Data extracted from a collection
Start of Block

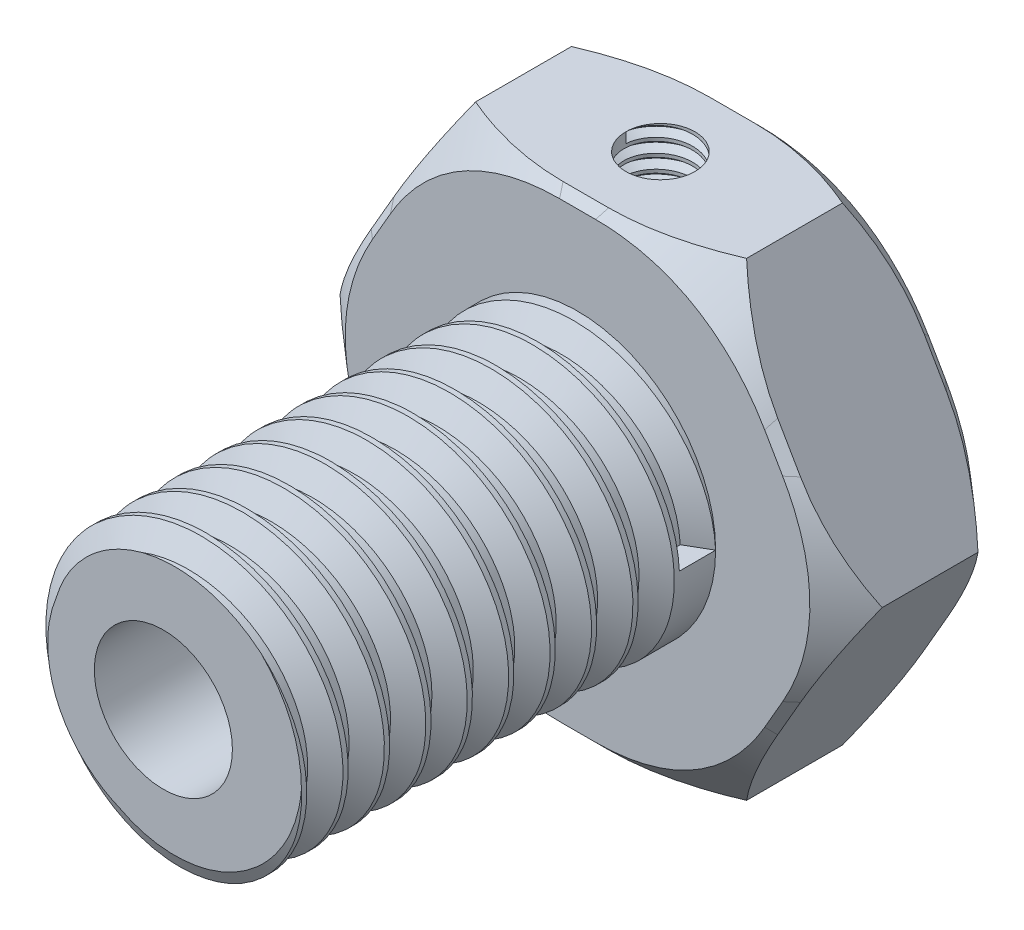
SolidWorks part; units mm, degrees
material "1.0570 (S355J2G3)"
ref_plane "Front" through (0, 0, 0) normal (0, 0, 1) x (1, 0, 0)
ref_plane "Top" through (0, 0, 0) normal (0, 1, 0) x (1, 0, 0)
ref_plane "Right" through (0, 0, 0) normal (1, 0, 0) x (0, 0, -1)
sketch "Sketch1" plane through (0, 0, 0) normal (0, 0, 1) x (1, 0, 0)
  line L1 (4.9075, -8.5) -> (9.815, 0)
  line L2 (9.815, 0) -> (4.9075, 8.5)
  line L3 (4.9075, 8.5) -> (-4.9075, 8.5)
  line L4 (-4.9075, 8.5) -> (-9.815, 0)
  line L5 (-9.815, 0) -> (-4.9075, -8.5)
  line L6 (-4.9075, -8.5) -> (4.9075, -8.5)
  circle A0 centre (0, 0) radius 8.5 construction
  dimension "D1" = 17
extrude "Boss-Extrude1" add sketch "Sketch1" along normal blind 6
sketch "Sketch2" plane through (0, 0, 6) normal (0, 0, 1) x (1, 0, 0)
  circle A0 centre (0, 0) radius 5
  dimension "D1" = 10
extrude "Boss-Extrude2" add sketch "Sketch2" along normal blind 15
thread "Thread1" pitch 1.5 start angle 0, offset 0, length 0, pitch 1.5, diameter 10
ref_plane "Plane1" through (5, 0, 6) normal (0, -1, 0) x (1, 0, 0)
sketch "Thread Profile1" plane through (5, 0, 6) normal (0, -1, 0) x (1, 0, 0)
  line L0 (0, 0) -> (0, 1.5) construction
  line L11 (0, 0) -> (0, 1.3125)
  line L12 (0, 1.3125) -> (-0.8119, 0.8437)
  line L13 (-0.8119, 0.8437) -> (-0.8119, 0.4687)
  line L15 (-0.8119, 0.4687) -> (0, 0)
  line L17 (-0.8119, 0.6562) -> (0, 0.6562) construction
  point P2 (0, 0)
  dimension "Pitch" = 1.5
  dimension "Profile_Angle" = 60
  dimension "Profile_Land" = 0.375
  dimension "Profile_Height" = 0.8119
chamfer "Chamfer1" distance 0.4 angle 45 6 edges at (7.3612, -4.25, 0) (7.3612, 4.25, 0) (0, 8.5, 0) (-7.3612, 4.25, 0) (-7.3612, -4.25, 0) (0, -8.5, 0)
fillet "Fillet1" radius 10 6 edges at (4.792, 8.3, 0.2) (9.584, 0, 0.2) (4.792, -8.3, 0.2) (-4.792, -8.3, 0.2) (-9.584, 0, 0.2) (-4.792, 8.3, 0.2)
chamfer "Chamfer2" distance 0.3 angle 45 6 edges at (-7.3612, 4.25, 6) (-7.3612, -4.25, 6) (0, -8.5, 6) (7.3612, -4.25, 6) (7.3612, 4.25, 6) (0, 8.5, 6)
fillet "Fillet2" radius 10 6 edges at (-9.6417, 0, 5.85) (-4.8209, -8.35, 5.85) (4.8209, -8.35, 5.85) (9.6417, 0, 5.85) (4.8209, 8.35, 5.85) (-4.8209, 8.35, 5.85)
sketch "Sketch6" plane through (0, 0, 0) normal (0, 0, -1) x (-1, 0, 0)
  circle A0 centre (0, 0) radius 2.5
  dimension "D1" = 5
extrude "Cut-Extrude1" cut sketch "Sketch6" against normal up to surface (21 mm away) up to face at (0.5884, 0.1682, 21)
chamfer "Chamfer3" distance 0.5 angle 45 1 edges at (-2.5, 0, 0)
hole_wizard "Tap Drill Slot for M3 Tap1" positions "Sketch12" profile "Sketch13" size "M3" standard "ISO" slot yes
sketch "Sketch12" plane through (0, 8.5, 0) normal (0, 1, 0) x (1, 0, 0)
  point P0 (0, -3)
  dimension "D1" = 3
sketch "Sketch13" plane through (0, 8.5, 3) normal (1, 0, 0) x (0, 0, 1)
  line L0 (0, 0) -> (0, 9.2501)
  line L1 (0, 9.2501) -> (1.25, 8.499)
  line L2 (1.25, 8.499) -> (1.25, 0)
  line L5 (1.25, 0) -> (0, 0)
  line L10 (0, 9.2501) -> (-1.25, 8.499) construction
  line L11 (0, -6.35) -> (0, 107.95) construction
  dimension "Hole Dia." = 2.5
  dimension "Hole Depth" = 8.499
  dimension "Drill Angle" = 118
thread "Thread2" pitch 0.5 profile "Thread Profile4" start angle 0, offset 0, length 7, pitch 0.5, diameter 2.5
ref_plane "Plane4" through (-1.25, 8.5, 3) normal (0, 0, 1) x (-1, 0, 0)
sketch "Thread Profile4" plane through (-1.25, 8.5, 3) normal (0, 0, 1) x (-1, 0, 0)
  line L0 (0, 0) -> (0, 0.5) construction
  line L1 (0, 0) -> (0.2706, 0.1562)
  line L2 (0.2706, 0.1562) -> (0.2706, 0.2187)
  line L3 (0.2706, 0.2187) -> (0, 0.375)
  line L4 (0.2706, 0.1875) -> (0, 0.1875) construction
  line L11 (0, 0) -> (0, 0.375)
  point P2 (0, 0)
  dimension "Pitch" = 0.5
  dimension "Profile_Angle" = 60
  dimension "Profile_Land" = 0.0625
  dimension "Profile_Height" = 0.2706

End of Block

# Work order:
Find the lines in the records that contain the word "blind", then copy every one of them.

# Written solution:
extrude "Boss-Extrude1" add sketch "Sketch1" along normal blind 6
extrude "Boss-Extrude2" add sketch "Sketch2" along normal blind 15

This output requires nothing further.